The Florida Department of Law Enforcement recently announced the arrest of an apparently prepossessing married couple, ages 46 and 44, respectively. Surprisingly, the Seminole County Sheriff’s Office ‘Economic Crimes Unit began quietly investigating the couple last January, after an alert from JPMorgan Chase & Co. about potentially suspicious account activity in the county.

As the inquiry progressed, according to a spokesperson, investigators began to suspect that the JPMorgan Chase notification came a bit late. In fact, they became convinced that the pair was involved in a multi-year, multi-jurisdictional identity theft operation with ties to Nigeria. They called in the FDLE.

Despite apparent confidence in their case, investigators are keeping the details under seal. The limited available information indicates the couple is suspected of running a “phishing scheme” among customers of JPMorgan Chase and Wells Fargo banks. Operators of phishing scheme generally send seemingly legitimate emails to bank customers designed to finagle recipients into revealing personal information that can be used to take over their financial identities.

"It's relatively common," commented a supervising special agent with the FDLE. "It's based out of Nigeria. They were tied in with the Nigerians."

By that inscrutable remark, the agent may have been referring the so-called “Nigerian letter” scam common in the 1980s and the early days of the Internet. Victims would receive emails from someone claiming to be a rich Nigerian prince or former official trying to quietly move funds out of the country. In exchange for the recipients’ help, and ultimately their bank account information, the emailers promised a large reward.

As dissimilar as the scheme alleged in this case may be from the “Nigerian letter” scam, it’s true that the majority of online frauds are perpetrated abroad, outside the jurisdiction of U.S. law enforcement.

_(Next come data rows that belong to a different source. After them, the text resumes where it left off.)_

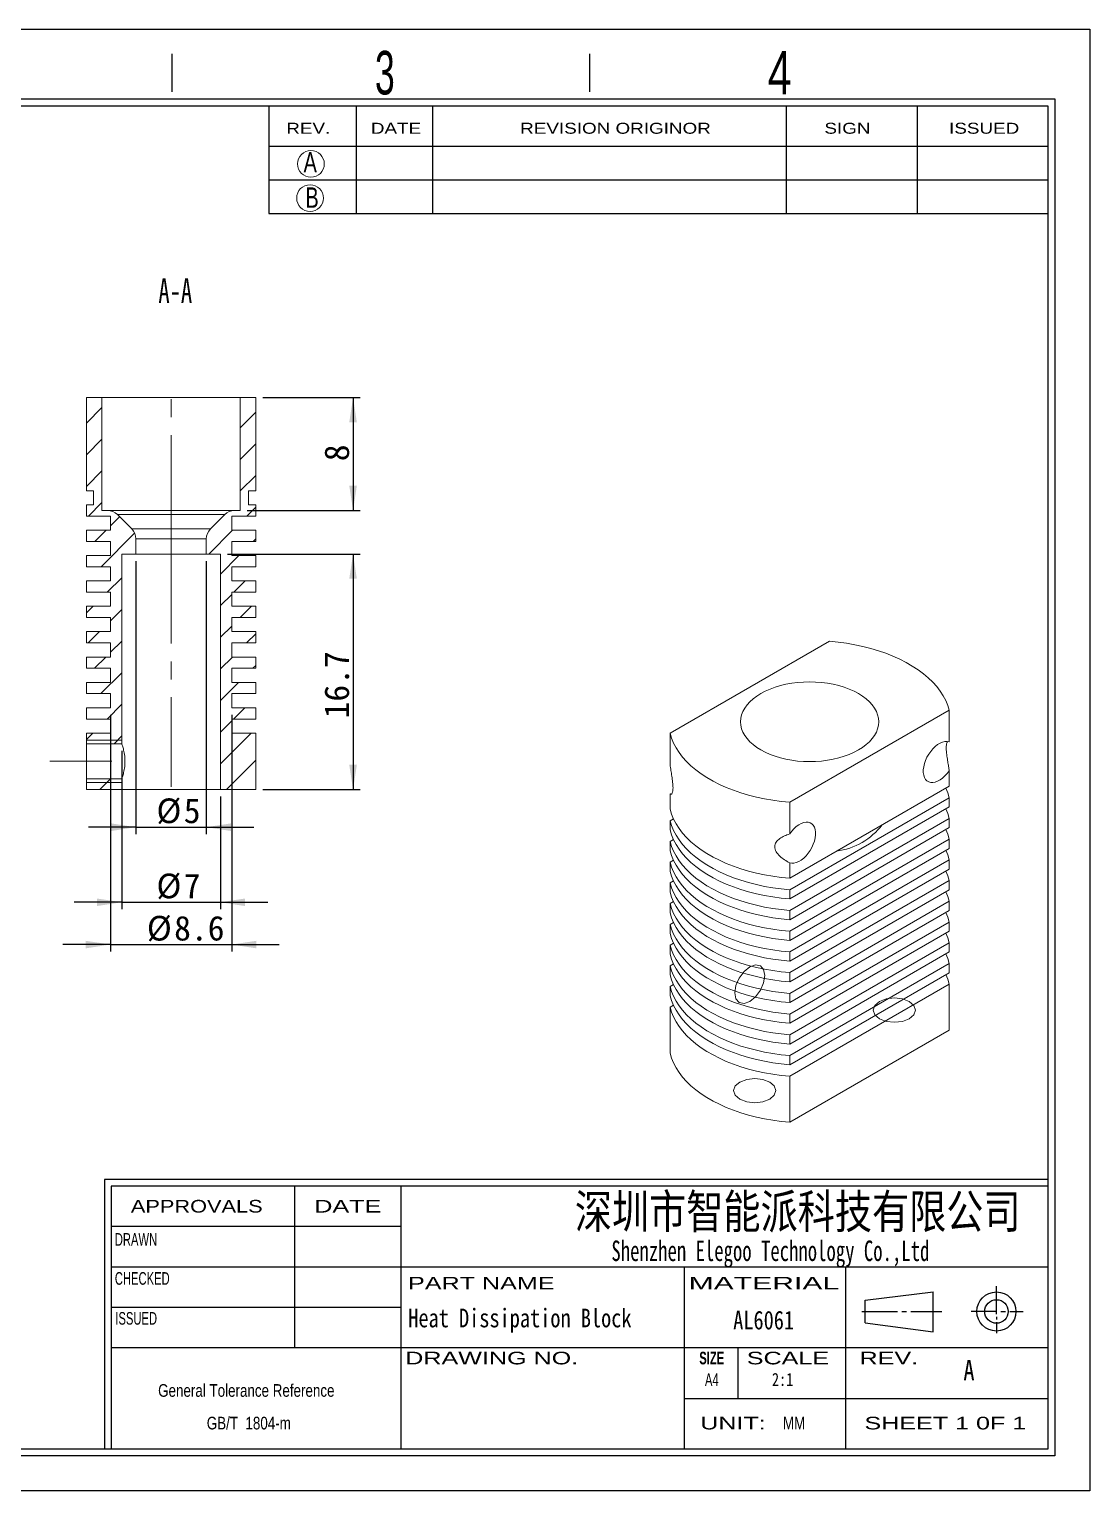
# Model space of a CAD drawing. Header units: millimetres. Extents: x 2 to 295, y 1 to 209.
# Drawn here: x 144.7 to 295.1, y 1.3 to 208.7 of the extents above; entities that cross this region are included whole.
import ezdxf

# ---------------------------------------------------------------- set-up
doc = ezdxf.new("R2010")
doc.units = ezdxf.units.MM
doc.linetypes.add('CENTER', pattern=[10.16, 6.35, -1.27, 1.27, -1.27])
doc.linetypes.add('CENTERX2', pattern=[20.32, 12.7, -2.54, 2.54, -2.54])
doc.layers.add('DIM', color=5, linetype='Continuous')
doc.layers.add('SLD-0', color=179, linetype='Continuous')
doc.layers.add('中心线', color=1, linetype='CENTER', lineweight=15)
doc.styles.add('SLDTEXTSTYLE0', font='SIMSUN.TTC', dxfattribs={"width": 0.67})
doc.styles.add('SLDTEXTSTYLE10', font='ARIAL.TTF', dxfattribs={"width": 1.2324})
doc.styles.add('SLDTEXTSTYLE11', font='ARIAL.TTF', dxfattribs={"width": 1.7064})
doc.styles.add('SLDTEXTSTYLE12', font='SIMSUN.TTC', dxfattribs={"width": 0.8, "bigfont": 'bigfont'})
doc.styles.add('SLDTEXTSTYLE13', font='SIMKAI.TTF', dxfattribs={"width": 0.67})
doc.styles.add('SLDTEXTSTYLE14', font='SIMSUN.TTC')
doc.styles.add('SLDTEXTSTYLE15', font='仿宋_GB2312', dxfattribs={"width": 0.67})
doc.styles.add('SLDTEXTSTYLE2', font='SIMSUN.TTC', dxfattribs={"width": 0.8})
doc.styles.add('SLDTEXTSTYLE3', font='SIMSUN.TTC', dxfattribs={"width": 0.8})
doc.styles.add('SLDTEXTSTYLE4', font='ARIAL.TTF', dxfattribs={"width": 0.63516})
doc.styles.add('SLDTEXTSTYLE5', font='GOTHIC.TTF', dxfattribs={"width": 0.7304})
doc.styles.add('SLDTEXTSTYLE6', font='GOTHIC.TTF', dxfattribs={"width": 0.61171})
doc.styles.add('SLDTEXTSTYLE7', font='ARIALBD.TTF', dxfattribs={"width": 0.63516})
doc.styles.add('SLDTEXTSTYLE8', font='ARIAL.TTF', dxfattribs={"width": 1.422})
doc.styles.add('SLDTEXTSTYLE9', font='ARIAL.TTF', dxfattribs={"width": 0.7584})
doc.dimstyles.new('SLDDIMSTYLE0', dxfattribs={"dimtxt": 3.5, "dimasz": 3.5, "dimexe": 0, "dimexo": 0.0625, "dimgap": 0.875, "dimtad": 2, "dimlfac": 0.5, "dimrnd": 1e-09, "dimzin": 12, "dimdsep": 46, "dimtxsty": 'SLDTEXTSTYLE0', "dimsah": 1, "dimcen": 0.09, "dimadec": 0, "dimazin": 3, "dimtfac": 1, "dimtofl": 0, "dimtmove": 0, "dimatfit": 3, "dimfxl": 0, "dimfrac": 2, "dimtolj": 1, "dimtzin": 12, "dimarcsym": 0})
doc.dimstyles.new('SLDDIMSTYLE3', dxfattribs={"dimtxt": 3.5, "dimasz": 3.5, "dimexe": 0, "dimexo": 0.0625, "dimgap": 0.875, "dimtad": 2, "dimlfac": 0.5, "dimrnd": 1e-09, "dimzin": 12, "dimdsep": 46, "dimtxsty": 'SLDTEXTSTYLE0', "dimsah": 1, "dimcen": 0.09, "dimadec": 0, "dimazin": 3, "dimtfac": 1, "dimtmove": 0, "dimatfit": 0, "dimfxl": 0, "dimfrac": 2, "dimtolj": 1, "dimtzin": 12, "dimarcsym": 0})

# ---------------------------------------------------------------- blocks, each defined once
blk = doc.blocks.new('SW_NOTE_2')
at = {"layer": 'SLD-0', "color": 0, "char_height": 1.7927, "attachment_point": 2, "style": 'SLDTEXTSTYLE9'}
for s, insert in [('General Tolerance Reference ', (13.02, 2.31)), (' GB/T  1804-m', (13.11, -2.32))]:
    blk.add_mtext(s, dxfattribs=dict(at, insert=insert))
blk = doc.blocks.new('_D_12')
at = {"layer": 'DIM'}
for p, q in [((157.78, 106.3), (157.78, 83.8)), ((171.78, 99.8), (171.78, 83.8)), ((157.78, 84.8), (151.05, 84.8)), ((157.78, 84.8), (171.78, 84.8)), ((171.78, 84.8), (178.52, 84.8))]:
    blk.add_line(p, q, dxfattribs=at)
for points in [[(157.78, 84.8), (154.28, 85.33), (154.28, 84.26)], [(171.78, 84.8), (175.28, 84.26), (175.28, 85.33)]]:
    blk.add_solid(points, dxfattribs=at)
at = {"layer": 'DIM', "char_height": 3.5, "attachment_point": 1, "style": 'SLDTEXTSTYLE14'}
for s, insert in [('%%c', (162.71, 88.87)), ('7', (166.58, 88.87))]:
    blk.add_mtext(s, dxfattribs=dict(at, insert=insert))
blk = doc.blocks.new('_D_13')
at = {"layer": 'DIM'}
for p, q in [((159.78, 133.2), (159.78, 94.45)), ((169.78, 133.2), (169.78, 94.45)), ((159.78, 95.45), (153.05, 95.45)), ((159.78, 95.45), (169.78, 95.45)), ((169.78, 95.45), (176.52, 95.45))]:
    blk.add_line(p, q, dxfattribs=at)
for points in [[(159.78, 95.45), (156.28, 95.99), (156.28, 94.91)], [(169.78, 95.45), (173.28, 94.91), (173.28, 95.99)]]:
    blk.add_solid(points, dxfattribs=at)
at = {"layer": 'DIM', "char_height": 3.5, "attachment_point": 1, "style": 'SLDTEXTSTYLE14'}
for s, insert in [('%%c', (162.71, 99.53)), ('5', (166.58, 99.53))]:
    blk.add_mtext(s, dxfattribs=dict(at, insert=insert))
blk = doc.blocks.new('_D_14')
at = {"layer": 'DIM'}
for p, q in [((156.18, 111.4), (156.18, 77.8)), ((173.38, 111.4), (173.38, 77.8)), ((156.18, 78.8), (149.45, 78.8)), ((156.18, 78.8), (173.38, 78.8)), ((173.38, 78.8), (180.12, 78.8))]:
    blk.add_line(p, q, dxfattribs=at)
for points in [[(156.18, 78.8), (152.68, 79.33), (152.68, 78.26)], [(173.38, 78.8), (176.88, 78.26), (176.88, 79.33)]]:
    blk.add_solid(points, dxfattribs=at)
at = {"layer": 'DIM', "char_height": 3.5, "attachment_point": 1, "style": 'SLDTEXTSTYLE14'}
for s, insert in [('%%c', (161.35, 82.87)), ('8.6', (165.22, 82.87))]:
    blk.add_mtext(s, dxfattribs=dict(at, insert=insert))
blk = doc.blocks.new('_D_15')
at = {"layer": 'DIM'}
for p, q in [((177.78, 156.4), (191.6, 156.4)), ((190.6, 156.4), (190.6, 140.4)), ((175.58, 140.4), (191.6, 140.4))]:
    blk.add_line(p, q, dxfattribs=at)
for points in [[(190.6, 156.4), (190.06, 152.9), (191.14, 152.9)], [(190.6, 140.4), (191.14, 143.9), (190.06, 143.9)]]:
    blk.add_solid(points, dxfattribs=at)
at = {"layer": 'DIM', "insert": (186.53, 147.38), "char_height": 3.5, "attachment_point": 1, "rotation": 90, "style": 'SLDTEXTSTYLE14'}
blk.add_mtext('8', dxfattribs=at)
blk = doc.blocks.new('_D_16')
at = {"layer": 'DIM'}
for p, q in [((172.78, 134.2), (191.6, 134.2)), ((190.6, 134.2), (190.6, 100.8)), ((177.78, 100.8), (191.6, 100.8))]:
    blk.add_line(p, q, dxfattribs=at)
for points in [[(190.6, 134.2), (190.06, 130.7), (191.14, 130.7)], [(190.6, 100.8), (191.14, 104.3), (190.06, 104.3)]]:
    blk.add_solid(points, dxfattribs=at)
at = {"layer": 'DIM', "insert": (186.53, 110.89), "char_height": 3.5, "attachment_point": 1, "rotation": 90, "style": 'SLDTEXTSTYLE14'}
blk.add_mtext('16.7', dxfattribs=at)

msp = doc.modelspace()

# ---------------------------------------------------------------- hatches: boundary and pattern name
at = {"linetype": 'Continuous', "lineweight": 0}
h = msp.add_hatch(dxfattribs=at)
h.set_pattern_fill('ANSI31', angle=3e-322, style=0)
edge = h.paths.add_edge_path(flags=0)
edge.add_line((152.784, 130.396), (152.784, 128.796))
edge.add_line((152.784, 128.796), (156.184, 128.796))
edge.add_line((156.184, 128.796), (156.184, 126.796))
edge.add_line((156.184, 126.796), (152.784, 126.796))
edge.add_line((152.784, 126.796), (152.784, 125.196))
edge.add_line((152.784, 125.196), (156.184, 125.196))
edge.add_line((156.184, 125.196), (156.184, 123.196))
edge.add_line((156.184, 123.196), (152.784, 123.196))
edge.add_line((152.784, 123.196), (152.784, 121.596))
edge.add_line((152.784, 121.596), (156.184, 121.596))
edge.add_line((156.184, 121.596), (156.184, 119.596))
edge.add_line((156.184, 119.596), (152.784, 119.596))
edge.add_line((152.784, 119.596), (152.784, 117.996))
edge.add_line((152.784, 117.996), (156.184, 117.996))
edge.add_line((156.184, 117.996), (156.184, 115.996))
edge.add_line((156.184, 115.996), (152.784, 115.996))
edge.add_line((152.784, 115.996), (152.784, 114.396))
edge.add_line((152.784, 114.396), (156.184, 114.396))
edge.add_line((156.184, 114.396), (156.184, 112.396))
edge.add_line((156.184, 112.396), (152.784, 112.396))
edge.add_line((152.784, 112.396), (152.784, 110.796))
edge.add_line((152.784, 110.796), (156.184, 110.796))
edge.add_line((156.184, 110.796), (156.184, 108.796))
edge.add_line((156.184, 108.796), (152.784, 108.796))
edge.add_line((152.784, 108.796), (152.784, 107.296))
edge.add_line((152.784, 107.296), (157.784, 107.296))
edge.add_line((157.784, 107.296), (157.784, 134.196))
edge.add_line((157.784, 134.196), (159.784, 134.196))
edge.add_line((159.784, 134.196), (159.784, 136.367))
edge.add_arc((157.784, 136.367), 2, 0, 45)
edge.add_line((159.199, 137.782), (157.17, 139.81))
edge.add_arc((155.756, 138.396), 2, 45, 90)
edge.add_line((155.756, 140.396), (154.984, 140.396))
edge.add_line((154.984, 140.396), (154.984, 156.396))
edge.add_line((154.984, 156.396), (152.784, 156.396))
edge.add_line((152.784, 156.396), (152.784, 143.196))
edge.add_line((152.784, 143.196), (153.784, 143.196))
edge.add_line((153.784, 143.196), (153.784, 141.196))
edge.add_line((153.784, 141.196), (152.784, 141.196))
edge.add_line((152.784, 141.196), (152.784, 139.596))
edge.add_line((152.784, 139.596), (156.184, 139.596))
edge.add_line((156.184, 139.596), (156.184, 137.596))
edge.add_line((156.184, 137.596), (152.784, 137.596))
edge.add_line((152.784, 137.596), (152.784, 135.996))
edge.add_line((152.784, 135.996), (156.184, 135.996))
edge.add_line((156.184, 135.996), (156.184, 133.996))
edge.add_line((156.184, 133.996), (152.784, 133.996))
edge.add_line((152.784, 133.996), (152.784, 132.396))
edge.add_line((152.784, 132.396), (156.184, 132.396))
edge.add_line((156.184, 132.396), (156.184, 130.396))
edge.add_line((156.184, 130.396), (152.784, 130.396))
h = msp.add_hatch(dxfattribs=at)
h.set_pattern_fill('ANSI31', angle=3e-322, style=0)
edge = h.paths.add_edge_path(flags=0)
edge.add_line((173.384, 126.796), (173.384, 128.796))
edge.add_line((173.384, 128.796), (176.784, 128.796))
edge.add_line((176.784, 128.796), (176.784, 130.396))
edge.add_line((176.784, 130.396), (173.384, 130.396))
edge.add_line((173.384, 130.396), (173.384, 132.396))
edge.add_line((173.384, 132.396), (176.784, 132.396))
edge.add_line((176.784, 132.396), (176.784, 133.996))
edge.add_line((176.784, 133.996), (173.384, 133.996))
edge.add_line((173.384, 133.996), (173.384, 135.996))
edge.add_line((173.384, 135.996), (176.784, 135.996))
edge.add_line((176.784, 135.996), (176.784, 137.596))
edge.add_line((176.784, 137.596), (173.384, 137.596))
edge.add_line((173.384, 137.596), (173.384, 139.596))
edge.add_line((173.384, 139.596), (176.784, 139.596))
edge.add_line((176.784, 139.596), (176.784, 141.196))
edge.add_line((176.784, 141.196), (175.784, 141.196))
edge.add_line((175.784, 141.196), (175.784, 143.196))
edge.add_line((175.784, 143.196), (176.784, 143.196))
edge.add_line((176.784, 143.196), (176.784, 156.396))
edge.add_line((176.784, 156.396), (174.584, 156.396))
edge.add_line((174.584, 156.396), (174.584, 140.396))
edge.add_line((174.584, 140.396), (173.813, 140.396))
edge.add_arc((173.813, 138.396), 2, 90, 135)
edge.add_line((172.399, 139.81), (170.37, 137.782))
edge.add_arc((171.784, 136.367), 2, 135, 180)
edge.add_line((169.784, 136.367), (169.784, 134.196))
edge.add_line((169.784, 134.196), (171.784, 134.196))
edge.add_line((171.784, 134.196), (171.784, 100.796))
edge.add_line((171.784, 100.796), (176.784, 100.796))
edge.add_line((176.784, 100.796), (176.784, 108.796))
edge.add_line((176.784, 108.796), (173.384, 108.796))
edge.add_line((173.384, 108.796), (173.384, 110.796))
edge.add_line((173.384, 110.796), (176.784, 110.796))
edge.add_line((176.784, 110.796), (176.784, 112.396))
edge.add_line((176.784, 112.396), (173.384, 112.396))
edge.add_line((173.384, 112.396), (173.384, 114.396))
edge.add_line((173.384, 114.396), (176.784, 114.396))
edge.add_line((176.784, 114.396), (176.784, 115.996))
edge.add_line((176.784, 115.996), (173.384, 115.996))
edge.add_line((173.384, 115.996), (173.384, 117.996))
edge.add_line((173.384, 117.996), (176.784, 117.996))
edge.add_line((176.784, 117.996), (176.784, 119.596))
edge.add_line((176.784, 119.596), (173.384, 119.596))
edge.add_line((173.384, 119.596), (173.384, 121.596))
edge.add_line((173.384, 121.596), (176.784, 121.596))
edge.add_line((176.784, 121.596), (176.784, 123.196))
edge.add_line((176.784, 123.196), (173.384, 123.196))
edge.add_line((173.384, 123.196), (173.384, 125.196))
edge.add_line((173.384, 125.196), (176.784, 125.196))
edge.add_line((176.784, 125.196), (176.784, 126.796))
edge.add_line((176.784, 126.796), (173.384, 126.796))
h = msp.add_hatch(dxfattribs=at)
h.set_pattern_fill('ANSI31', angle=3e-322, style=0)
h.paths.add_polyline_path([(157.784, 102.296), (152.784, 102.296), (152.784, 100.796), (157.784, 100.796)], flags=0)

# ---------------------------------------------------------------- linework, layer by layer
at = {"color": 7, "linetype": 'Continuous', "lineweight": 15}
for p, q in [((152.784, 156.396), (152.784, 143.196)), ((154.984, 156.396), (152.784, 156.396)), ((154.984, 140.396), (154.984, 156.396)), ((154.984, 156.396), (174.584, 156.396)), ((174.584, 156.396), (174.584, 140.396)), ((176.784, 156.396), (174.584, 156.396)), ((176.784, 143.196), (176.784, 156.396)), ((153.784, 143.196), (152.784, 143.196)), ((153.784, 141.196), (153.784, 143.196)), ((176.784, 143.196), (175.784, 143.196)), ((175.784, 143.196), (175.784, 141.196)), ((152.784, 141.196), (152.784, 139.596)), ((153.784, 141.196), (152.784, 141.196)), ((176.784, 141.196), (175.784, 141.196)), ((176.784, 139.596), (176.784, 141.196)), ((152.784, 139.596), (156.184, 139.596)), ((155.756, 140.396), (154.984, 140.396)), ((173.813, 140.396), (155.756, 140.396)), ((156.184, 137.596), (156.184, 139.596)), ((159.199, 137.782), (157.17, 139.81)), ((157.17, 139.81), (172.399, 139.81)), ((172.399, 139.81), (170.37, 137.782)), ((173.384, 139.596), (176.784, 139.596)), ((173.384, 139.596), (173.384, 137.596)), ((174.584, 140.396), (173.813, 140.396)), ((152.784, 137.596), (152.784, 135.996)), ((152.784, 137.596), (156.184, 137.596)), ((170.37, 137.782), (159.199, 137.782)), ((173.384, 137.596), (176.784, 137.596)), ((176.784, 135.996), (176.784, 137.596)), ((152.784, 135.996), (156.184, 135.996)), ((156.184, 133.996), (156.184, 135.996)), ((159.784, 134.196), (159.784, 136.367)), ((159.784, 136.367), (169.784, 136.367)), ((169.784, 136.367), (169.784, 134.196)), ((173.384, 135.996), (176.784, 135.996)), ((173.384, 135.996), (173.384, 133.996)), ((152.784, 133.996), (152.784, 132.396)), ((152.784, 133.996), (156.184, 133.996)), ((157.784, 107.296), (157.784, 134.196)), ((159.784, 134.196), (157.784, 134.196)), ((169.784, 134.196), (159.784, 134.196)), ((171.784, 134.196), (169.784, 134.196)), ((171.784, 134.196), (171.784, 100.796)), ((173.384, 133.996), (176.784, 133.996)), ((176.784, 132.396), (176.784, 133.996)), ((152.784, 132.396), (156.184, 132.396)), ((156.184, 130.396), (156.184, 132.396)), ((173.384, 132.396), (176.784, 132.396)), ((173.384, 132.396), (173.384, 130.396)), ((152.784, 130.396), (156.184, 130.396)), ((152.784, 130.396), (152.784, 128.796)), ((152.784, 128.796), (156.184, 128.796)), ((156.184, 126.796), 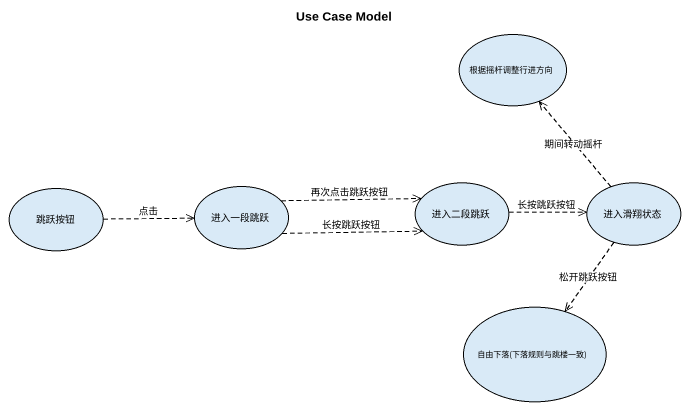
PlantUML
@startuml
title Use Case Model
usecase 根据摇杆调整行进方向
usecase 跳跃按钮
usecase 进入一段跳跃
usecase 进入二段跳跃
usecase 进入滑翔状态
usecase "自由下落(下落规则与跳楼一致)" as 自由下落_下落规则与跳楼一致
跳跃按钮 .right.> 进入一段跳跃 : 点击
进入一段跳跃 .right.> 进入二段跳跃 : 长按跳跃按钮
进入一段跳跃 .right.> 进入二段跳跃 : 再次点击跳跃按钮
进入二段跳跃 .right.> 进入滑翔状态 : 长按跳跃按钮
进入滑翔状态 .up.> 根据摇杆调整行进方向 : 期间转动摇杆
进入滑翔状态 ..> 自由下落_下落规则与跳楼一致 : 松开跳跃按钮
@enduml

The couple is charged with grand theft, criminal use of personal information, and operating an organized scheme to defraud. Bond was set at $180,000 for the husband and $105,000 for the wife.

Online identity theft is a hot-button issue for the media and a source of dread for Internet users. Unfortunately, when a particular crime becomes so notorious, those accused of it are at much greater risk of having their constitutional rights violated during the investigation and prosecution. Whether “tied in with the Nigerians” or not, being accused of identity theft or any Internet crime calls for immediate counsel from an experienced defense lawyer.